Five teams who backed their manager over a star player

Dele Alli is ‘upset and confused’ at being frozen out by Jose Mourinho, who he has seemingly never heard of. A loan move beckons but Tottenham would not be the first team to choose a manager over a star player. Even Liverpool have done it…
Newcastle (Keegan over Cole)
The definitive take was offered by Seb Stafford-Bloor but it is worth reiterating just how hazardous a path Newcastle followed in January 1995. Nine points separated them from Manchester United – with the Magpies crowing over a game in hand on their rivals – on the day they sent Andy Cole to Old Trafford in exchange for around £6m and an entire Keith Gillespie.
It went against every accepted wisdom of how an elite side should conduct itself, not least because Newcastle never reinvested the funds directly. Les Ferdinand and David Ginola joined that summer but never as a direct result of Cole’s sale.
The show of faith in Kevin Keegan was astounding. Cole scored more than 40 goals – the only Newcastle player ever to reach that mark in a single campaign – in his only full season, yet was being moved on in mid-season with no replacement. The manager’s explanation on the St James’ Park steps in front of baying fans that “I’ve made a decision” and “I’ve done it for the benefit of this football club” was stirring.
As the Daily Mail would later write: ‘Keegan won a heated exchange with Newcastle’s reluctant directors.’ There was certainly something about him that inspired belief.
Manchester United (Stam over Ferguson)
Both parties have since dismissed the idea that Jaap Stam and Sir Alex Ferguson clashed due to the former’s incendiary autobiographical claim that the latter “wants us to copy other sides we face in European competitions and go down to win a penalty”. But the timing suggests otherwise: Stam was sold to Lazio less than two weeks after those particular thoughts were serialised in a national newspaper.
Manchester United thus chose the legendary manager over a centre-half whose Premier League life was fleeting but utterly dominant. Stam won three consecutive titles, the Champions League and an FA Cup, but that was never a battle he would win.
Liverpool (Benitez over Alonso)
It remains one of the more peculiar chapters in Premier League history, Rafael Benitez’s persistent pursuit of Gareth Barry despite boasting Xabi Alonso in his title-challenging Liverpool midfield. At times it felt contrived, a forced attempt to defy preconceptions. But this went beyond a Spanish manager wanting to go against expectations by casting aside a cultured contemporary for a full English. It bordered on obsession.
A succession of offers were made for Barry in May 2008, which Aston Villa promptly rejected. Alonso, the crux around which Benitez built a side that reigned Europe three years prior, spoke candidly that October about “how I was treated”.
“It was a new situation for me,” he said, “something I had never experienced before. It is a fact that any player can be really happy where he is but, if the club don’t want him, he has to accept it. There is not much you can do.”

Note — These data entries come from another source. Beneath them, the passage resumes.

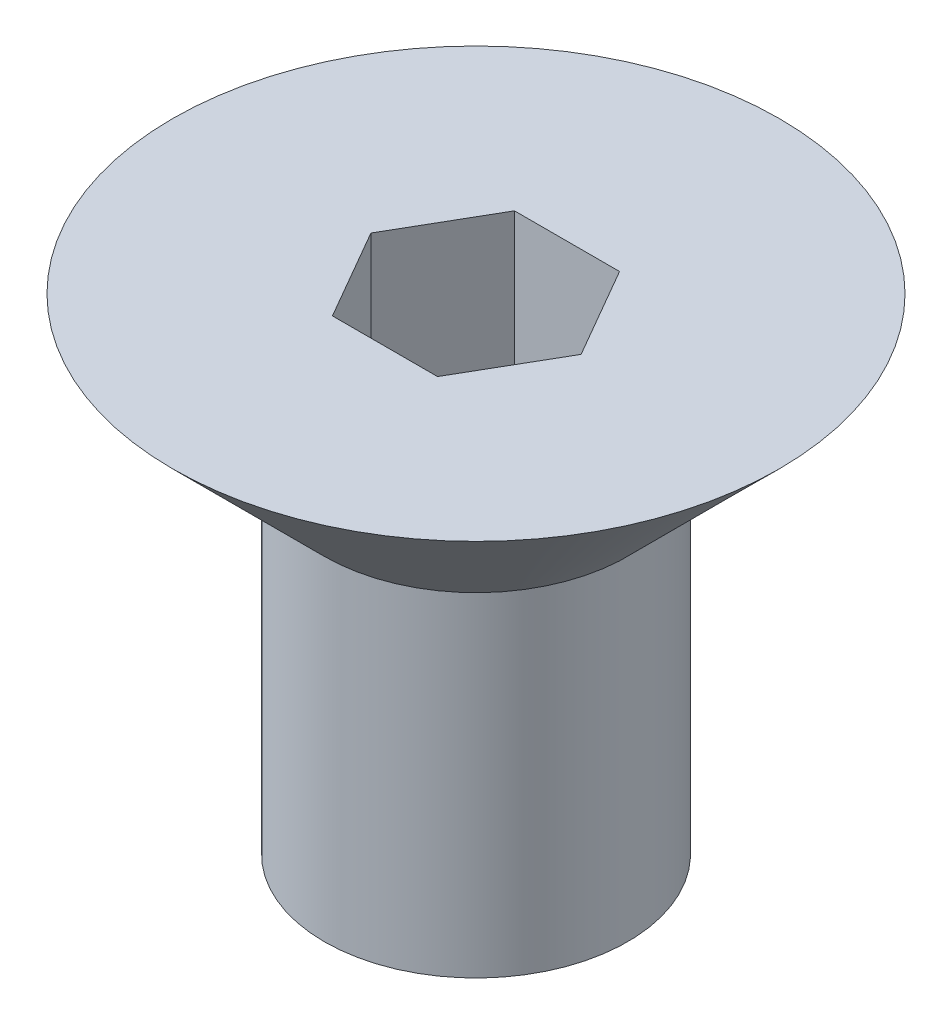
ISO-10303-21;
HEADER;
FILE_DESCRIPTION(('STEP AP214'),'2;1');
FILE_NAME('part.step','',(''),(''),'','','');
FILE_SCHEMA(('AUTOMOTIVE_DESIGN { 1 0 10303 214 1 1 1 1 }'));
ENDSEC;
DATA;
#1=APPLICATION_CONTEXT('core data for automotive mechanical design processes');
#2=APPLICATION_PROTOCOL_DEFINITION('international standard','automotive_design',2000,#1);
#3=PRODUCT_CONTEXT('',#1,'mechanical');
#4=PRODUCT('Part','Part','',(#3));
#5=PRODUCT_RELATED_PRODUCT_CATEGORY('part','',(#4));
#6=PRODUCT_DEFINITION_FORMATION('','',#4);
#7=PRODUCT_DEFINITION_CONTEXT('part definition',#1,'design');
#8=PRODUCT_DEFINITION('design','',#6,#7);
#9=PRODUCT_DEFINITION_SHAPE('','',#8);
#10=(LENGTH_UNIT() NAMED_UNIT(*) SI_UNIT(.MILLI.,.METRE.));
#11=(NAMED_UNIT(*) PLANE_ANGLE_UNIT() SI_UNIT($,.RADIAN.));
#12=(NAMED_UNIT(*) SI_UNIT($,.STERADIAN.) SOLID_ANGLE_UNIT());
#13=UNCERTAINTY_MEASURE_WITH_UNIT(LENGTH_MEASURE(1.E-05),#10,'distance_accuracy_value','');
#14=(GEOMETRIC_REPRESENTATION_CONTEXT(3) GLOBAL_UNCERTAINTY_ASSIGNED_CONTEXT((#13)) GLOBAL_UNIT_ASSIGNED_CONTEXT((#10,
#11,#12)) REPRESENTATION_CONTEXT('',''));
#15=CARTESIAN_POINT('',(0.,0.,0.));
#16=DIRECTION('',(0.,0.,1.));
#17=DIRECTION('',(1.,0.,0.));
#18=AXIS2_PLACEMENT_3D('',#15,#16,#17);
#19=CARTESIAN_POINT('',(0.,-16.,0.));
#20=DIRECTION('',(0.,1.,0.));
#21=DIRECTION('',(0.,0.,1.));
#22=AXIS2_PLACEMENT_3D('',#19,#20,#21);
#23=PLANE('',#22);
#24=CARTESIAN_POINT('',(0.,-16.,0.));
#25=DIRECTION('',(0.,1.,0.));
#26=DIRECTION('',(0.,0.,1.));
#27=AXIS2_PLACEMENT_3D('',#24,#25,#26);
#28=CIRCLE('',#27,5.00000000000001);
#29=CARTESIAN_POINT('',(0.,-16.,5.00000000000001));
#30=VERTEX_POINT('',#29);
#31=EDGE_CURVE('E11',#30,#30,#28,.T.);
#32=ORIENTED_EDGE('',*,*,#31,.F.);
#33=EDGE_LOOP('',(#32));
#34=FACE_BOUND('',#33,.T.);
#35=ADVANCED_FACE('F35',(#34),#23,.F.);
#36=CARTESIAN_POINT('',(0.,61.6916426261037,0.));
#37=DIRECTION('',(0.,1.,0.));
#38=DIRECTION('',(0.,0.,1.));
#39=AXIS2_PLACEMENT_3D('',#36,#37,#38);
#40=CYLINDRICAL_SURFACE('',#39,5.00000000000001);
#41=CARTESIAN_POINT('',(0.,-5.00000000000002,0.));
#42=DIRECTION('',(0.,1.,0.));
#43=DIRECTION('',(0.,0.,1.));
#44=AXIS2_PLACEMENT_3D('',#41,#42,#43);
#45=CIRCLE('',#44,5.00000000000001);
#46=CARTESIAN_POINT('',(0.,-5.00000000000002,5.00000000000001));
#47=VERTEX_POINT('',#46);
#48=EDGE_CURVE('E42',#47,#47,#45,.T.);
#49=ORIENTED_EDGE('',*,*,#48,.F.);
#50=EDGE_LOOP('',(#49));
#51=FACE_BOUND('',#50,.T.);
#52=ORIENTED_EDGE('',*,*,#31,.T.);
#53=EDGE_LOOP('',(#52));
#54=FACE_BOUND('',#53,.T.);
#55=ADVANCED_FACE('F148',(#51,#54),#40,.T.);
#56=CARTESIAN_POINT('',(0.,-5.00000000000002,0.));
#57=DIRECTION('',(0.,1.,0.));
#58=DIRECTION('',(0.,0.,1.));
#59=AXIS2_PLACEMENT_3D('',#56,#57,#58);
#60=CONICAL_SURFACE('',#59,5.00000000000001,0.785398163397446);
#61=CARTESIAN_POINT('',(0.,0.,0.));
#62=DIRECTION('',(0.,1.,0.));
#63=DIRECTION('',(0.,0.,1.));
#64=AXIS2_PLACEMENT_3D('',#61,#62,#63);
#65=CIRCLE('',#64,10.);
#66=CARTESIAN_POINT('',(0.,0.,10.));
#67=VERTEX_POINT('',#66);
#68=EDGE_CURVE('E136',#67,#67,#65,.T.);
#69=ORIENTED_EDGE('',*,*,#68,.F.);
#70=EDGE_LOOP('',(#69));
#71=FACE_BOUND('',#70,.T.);
#72=ORIENTED_EDGE('',*,*,#48,.T.);
#73=EDGE_LOOP('',(#72));
#74=FACE_BOUND('',#73,.T.);
#75=ADVANCED_FACE('F146',(#71,#74),#60,.T.);
#76=CARTESIAN_POINT('',(10.,0.,0.));
#77=DIRECTION('',(0.,-1.,0.));
#78=DIRECTION('',(0.,0.,-1.));
#79=AXIS2_PLACEMENT_3D('',#76,#77,#78);
#80=PLANE('',#79);
#81=DIRECTION('',(-1.,0.,0.));
#82=VECTOR('',#81,1.);
#83=CARTESIAN_POINT('',(1.73205080756888,0.,-3.));
#84=LINE('',#83,#82);
#85=CARTESIAN_POINT('',(1.73205080756888,0.,-3.));
#86=VERTEX_POINT('',#85);
#87=CARTESIAN_POINT('',(-1.73205080756888,0.,-3.));
#88=VERTEX_POINT('',#87);
#89=EDGE_CURVE('E123',#86,#88,#84,.T.);
#90=ORIENTED_EDGE('',*,*,#89,.F.);
#91=DIRECTION('',(-0.5,0.,-0.866025403784439));
#92=VECTOR('',#91,1.);
#93=CARTESIAN_POINT('',(3.46410161513775,0.,0.));
#94=LINE('',#93,#92);
#95=CARTESIAN_POINT('',(3.46410161513775,0.,0.));
#96=VERTEX_POINT('',#95);
#97=EDGE_CURVE('E49',#96,#86,#94,.T.);
#98=ORIENTED_EDGE('',*,*,#97,.F.);
#99=DIRECTION('',(0.5,0.,-0.866025403784439));
#100=VECTOR('',#99,1.);
#101=CARTESIAN_POINT('',(1.73205080756888,0.,3.));
#102=LINE('',#101,#100);
#103=CARTESIAN_POINT('',(1.73205080756888,0.,3.));
#104=VERTEX_POINT('',#103);
#105=EDGE_CURVE('E132',#104,#96,#102,.T.);
#106=ORIENTED_EDGE('',*,*,#105,.F.);
#107=DIRECTION('',(1.,0.,0.));
#108=VECTOR('',#107,1.);
#109=CARTESIAN_POINT('',(-1.73205080756888,0.,3.));
#110=LINE('',#109,#108);
#111=CARTESIAN_POINT('',(-1.73205080756888,0.,3.));
#112=VERTEX_POINT('',#111);
#113=EDGE_CURVE('E130',#112,#104,#110,.T.);
#114=ORIENTED_EDGE('',*,*,#113,.F.);
#115=DIRECTION('',(0.5,0.,0.866025403784438));
#116=VECTOR('',#115,1.);
#117=CARTESIAN_POINT('',(-3.46410161513775,0.,0.));
#118=LINE('',#117,#116);
#119=CARTESIAN_POINT('',(-3.46410161513775,0.,0.));
#120=VERTEX_POINT('',#119);
#121=EDGE_CURVE('E97',#120,#112,#118,.T.);
#122=ORIENTED_EDGE('',*,*,#121,.F.);
#123=DIRECTION('',(-0.5,0.,0.866025403784439));
#124=VECTOR('',#123,1.);
#125=CARTESIAN_POINT('',(-1.73205080756888,0.,-3.));
#126=LINE('',#125,#124);
#127=EDGE_CURVE('E126',#88,#120,#126,.T.);
#128=ORIENTED_EDGE('',*,*,#127,.F.);
#129=EDGE_LOOP('',(#90,#98,#106,#114,#122,#128));
#130=FACE_BOUND('',#129,.T.);
#131=ORIENTED_EDGE('',*,*,#68,.T.);
#132=EDGE_LOOP('',(#131));
#133=FACE_BOUND('',#132,.T.);
#134=ADVANCED_FACE('F166',(#130,#133),#80,.F.);
#135=CARTESIAN_POINT('',(3.46410161513775,-5.,0.));
#136=DIRECTION('',(0.866025403784439,0.,-0.5));
#137=DIRECTION('',(-0.5,0.,-0.866025403784439));
#138=AXIS2_PLACEMENT_3D('',#135,#136,#137);
#139=PLANE('',#138);
#140=ORIENTED_EDGE('',*,*,#97,.T.);
#141=DIRECTION('',(0.,1.,0.));
#142=VECTOR('',#141,1.);
#143=CARTESIAN_POINT('',(1.73205080756888,-5.,-3.));
#144=LINE('',#143,#142);
#145=CARTESIAN_POINT('',(1.73205080756888,-5.,-3.));
#146=VERTEX_POINT('',#145);
#147=EDGE_CURVE('E79',#146,#86,#144,.T.);
#148=ORIENTED_EDGE('',*,*,#147,.F.);
#149=DIRECTION('',(-0.5,0.,-0.866025403784439));
#150=VECTOR('',#149,1.);
#151=CARTESIAN_POINT('',(3.46410161513775,-5.,0.));
#152=LINE('',#151,#150);
#153=CARTESIAN_POINT('',(3.46410161513775,-5.,0.));
#154=VERTEX_POINT('',#153);
#155=EDGE_CURVE('E134',#154,#146,#152,.T.);
#156=ORIENTED_EDGE('',*,*,#155,.F.);
#157=DIRECTION('',(0.,1.,0.));
#158=VECTOR('',#157,1.);
#159=CARTESIAN_POINT('',(3.46410161513775,-5.,0.));
#160=LINE('',#159,#158);
#161=EDGE_CURVE('E57',#154,#96,#160,.T.);
#162=ORIENTED_EDGE('',*,*,#161,.T.);
#163=EDGE_LOOP('',(#140,#148,#156,#162));
#164=FACE_BOUND('',#163,.T.);
#165=ADVANCED_FACE('F174',(#164),#139,.F.);
#166=CARTESIAN_POINT('',(1.73205080756888,-5.,3.));
#167=DIRECTION('',(0.866025403784439,0.,0.5));
#168=DIRECTION('',(0.5,0.,-0.866025403784439));
#169=AXIS2_PLACEMENT_3D('',#166,#167,#168);
#170=PLANE('',#169);
#171=ORIENTED_EDGE('',*,*,#105,.T.);
#172=ORIENTED_EDGE('',*,*,#161,.F.);
#173=DIRECTION('',(0.5,0.,-0.866025403784439));
#174=VECTOR('',#173,1.);
#175=CARTESIAN_POINT('',(1.73205080756888,-5.,3.));
#176=LINE('',#175,#174);
#177=CARTESIAN_POINT('',(1.73205080756888,-5.,3.));
#178=VERTEX_POINT('',#177);
#179=EDGE_CURVE('E109',#178,#154,#176,.T.);
#180=ORIENTED_EDGE('',*,*,#179,.F.);
#181=DIRECTION('',(0.,1.,0.));
#182=VECTOR('',#181,1.);
#183=CARTESIAN_POINT('',(1.73205080756888,-5.,3.));
#184=LINE('',#183,#182);
#185=EDGE_CURVE('E101',#178,#104,#184,.T.);
#186=ORIENTED_EDGE('',*,*,#185,.T.);
#187=EDGE_LOOP('',(#171,#172,#180,#186));
#188=FACE_BOUND('',#187,.T.);
#189=ADVANCED_FACE('F182',(#188),#170,.F.);
#190=CARTESIAN_POINT('',(-1.73205080756888,-5.,3.));
#191=DIRECTION('',(0.,0.,1.));
#192=DIRECTION('',(1.,0.,0.));
#193=AXIS2_PLACEMENT_3D('',#190,#191,#192);
#194=PLANE('',#193);
#195=ORIENTED_EDGE('',*,*,#113,.T.);
#196=ORIENTED_EDGE('',*,*,#185,.F.);
#197=DIRECTION('',(1.,0.,0.));
#198=VECTOR('',#197,1.);
#199=CARTESIAN_POINT('',(-1.73205080756888,-5.,3.));
#200=LINE('',#199,#198);
#201=CARTESIAN_POINT('',(-1.73205080756888,-5.,3.));
#202=VERTEX_POINT('',#201);
#203=EDGE_CURVE('E105',#202,#178,#200,.T.);
#204=ORIENTED_EDGE('',*,*,#203,.F.);
#205=DIRECTION('',(0.,1.,0.));
#206=VECTOR('',#205,1.);
#207=CARTESIAN_POINT('',(-1.73205080756888,-5.,3.));
#208=LINE('',#207,#206);
#209=EDGE_CURVE('E90',#202,#112,#208,.T.);
#210=ORIENTED_EDGE('',*,*,#209,.T.);
#211=EDGE_LOOP('',(#195,#196,#204,#210));
#212=FACE_BOUND('',#211,.T.);
#213=ADVANCED_FACE('F106',(#212),#194,.F.);
#214=CARTESIAN_POINT('',(-3.46410161513775,-5.,0.));
#215=DIRECTION('',(-0.866025403784438,0.,0.5));
#216=DIRECTION('',(0.5,0.,0.866025403784438));
#217=AXIS2_PLACEMENT_3D('',#214,#215,#216);
#218=PLANE('',#217);
#219=ORIENTED_EDGE('',*,*,#121,.T.);
#220=ORIENTED_EDGE('',*,*,#209,.F.);
#221=DIRECTION('',(0.5,0.,0.866025403784438));
#222=VECTOR('',#221,1.);
#223=CARTESIAN_POINT('',(-3.46410161513775,-5.,0.));
#224=LINE('',#223,#222);
#225=CARTESIAN_POINT('',(-3.46410161513775,-5.,0.));
#226=VERTEX_POINT('',#225);
#227=EDGE_CURVE('E94',#226,#202,#224,.T.);
#228=ORIENTED_EDGE('',*,*,#227,.F.);
#229=DIRECTION('',(0.,1.,0.));
#230=VECTOR('',#229,1.);
#231=CARTESIAN_POINT('',(-3.46410161513775,-5.,0.));
#232=LINE('',#231,#230);
#233=EDGE_CURVE('E102',#226,#120,#232,.T.);
#234=ORIENTED_EDGE('',*,*,#233,.T.);
#235=EDGE_LOOP('',(#219,#220,#228,#234));
#236=FACE_BOUND('',#235,.T.);
#237=ADVANCED_FACE('F92',(#236),#218,.F.);
#238=CARTESIAN_POINT('',(-1.73205080756888,-5.,-3.));
#239=DIRECTION('',(-0.866025403784439,0.,-0.5));
#240=DIRECTION('',(-0.5,0.,0.866025403784439));
#241=AXIS2_PLACEMENT_3D('',#238,#239,#240);
#242=PLANE('',#241);
#243=ORIENTED_EDGE('',*,*,#127,.T.);
#244=ORIENTED_EDGE('',*,*,#233,.F.);
#245=DIRECTION('',(-0.5,0.,0.866025403784439));
#246=VECTOR('',#245,1.);
#247=CARTESIAN_POINT('',(-1.73205080756888,-5.,-3.));
#248=LINE('',#247,#246);
#249=CARTESIAN_POINT('',(-1.73205080756888,-5.,-3.));
#250=VERTEX_POINT('',#249);
#251=EDGE_CURVE('E115',#250,#226,#248,.T.);
#252=ORIENTED_EDGE('',*,*,#251,.F.);
#253=DIRECTION('',(0.,1.,0.));
#254=VECTOR('',#253,1.);
#255=CARTESIAN_POINT('',(-1.73205080756888,-5.,-3.));
#256=LINE('',#255,#254);
#257=EDGE_CURVE('E139',#250,#88,#256,.T.);
#258=ORIENTED_EDGE('',*,*,#257,.T.);
#259=EDGE_LOOP('',(#243,#244,#252,#258));
#260=FACE_BOUND('',#259,.T.);
#261=ADVANCED_FACE('F201',(#260),#242,.F.);
#262=CARTESIAN_POINT('',(1.73205080756888,-5.,-3.));
#263=DIRECTION('',(0.,0.,-1.));
#264=DIRECTION('',(-1.,0.,0.));
#265=AXIS2_PLACEMENT_3D('',#262,#263,#264);
#266=PLANE('',#265);
#267=ORIENTED_EDGE('',*,*,#89,.T.);
#268=ORIENTED_EDGE('',*,*,#257,.F.);
#269=DIRECTION('',(-1.,0.,0.));
#270=VECTOR('',#269,1.);
#271=CARTESIAN_POINT('',(1.73205080756888,-5.,-3.));
#272=LINE('',#271,#270);
#273=EDGE_CURVE('E117',#146,#250,#272,.T.);
#274=ORIENTED_EDGE('',*,*,#273,.F.);
#275=ORIENTED_EDGE('',*,*,#147,.T.);
#276=EDGE_LOOP('',(#267,#268,#274,#275));
#277=FACE_BOUND('',#276,.T.);
#278=ADVANCED_FACE('F208',(#277),#266,.F.);
#279=CARTESIAN_POINT('',(5.19615242270663,-5.,3.));
#280=DIRECTION('',(0.,-1.,0.));
#281=DIRECTION('',(0.,0.,-1.));
#282=AXIS2_PLACEMENT_3D('',#279,#280,#281);
#283=PLANE('',#282);
#284=ORIENTED_EDGE('',*,*,#155,.T.);
#285=ORIENTED_EDGE('',*,*,#273,.T.);
#286=ORIENTED_EDGE('',*,*,#251,.T.);
#287=ORIENTED_EDGE('',*,*,#227,.T.);
#288=ORIENTED_EDGE('',*,*,#203,.T.);
#289=ORIENTED_EDGE('',*,*,#179,.T.);
#290=EDGE_LOOP('',(#284,#285,#286,#287,#288,#289));
#291=FACE_BOUND('',#290,.T.);
#292=ADVANCED_FACE('F112',(#291),#283,.F.);
#293=CLOSED_SHELL('',(#35,#55,#75,#134,#165,#189,#213,#237,#261,#278,#292));
#294=MANIFOLD_SOLID_BREP('B2',#293);
#295=ADVANCED_BREP_SHAPE_REPRESENTATION('',(#18,#294),#14);
#296=SHAPE_DEFINITION_REPRESENTATION(#9,#295);
ENDSEC;
END-ISO-10303-21;

Liverpool enjoyed an excellent campaign with Alonso impressing in a reserved role. But the relationship between player and manager was irretrievably broken. A transfer request in July 2009 was the precursor to a move to Real Madrid and “a fresh challenge” a week later. Barry moved to Manchester City and Liverpool completed the single biggest downgrade before 2020’s A-Level results.
Arsenal (Wenger over Adebayor)
“I fight to get the players the maximum wages, but you have to respect that we have a wage structure,” said Arsene Wenger in July 2008. Two months earlier, he spoke of his belief that “at every club you have to respect what you can spend and you shouldn’t promise what you cannot afford” – like the boss who keeps telling you he is doing everything he can to get you a pay rise but the suits aren’t listening.
By August, Emmanuel Adebayor would double his earnings to £80,000 a week on a four-year deal that would only be honoured for a quarter of the time. Manchester City muscled in, capitalised on the name value of Mark Hughes and brought the Togo international in for £25m. Wenger, meanwhile, boasted the “full, unequivocal support of our board”.
Chelsea (Conte over Costa)
Antonio Conte was neither the first nor will he be the last person to end a relationship over text. But dumping Diego Costa with a quick ‘I hope you are well. Thanks for the season we spent together. Good luck for the next year but you are not in my plan’ was akin to grabbing his discarded jeans and top from the bedroom floor and scarpering before he awoke.
The pair had actually fallen out the previous January, Conte dropping Costa after the striker ‘had his head turned’ by the riches on offer in China. He was persuaded to stay and become that most rare of Premier League players: 20 goals or more in at least two title-winning seasons. But who needs that when you could have Alvaro Morata?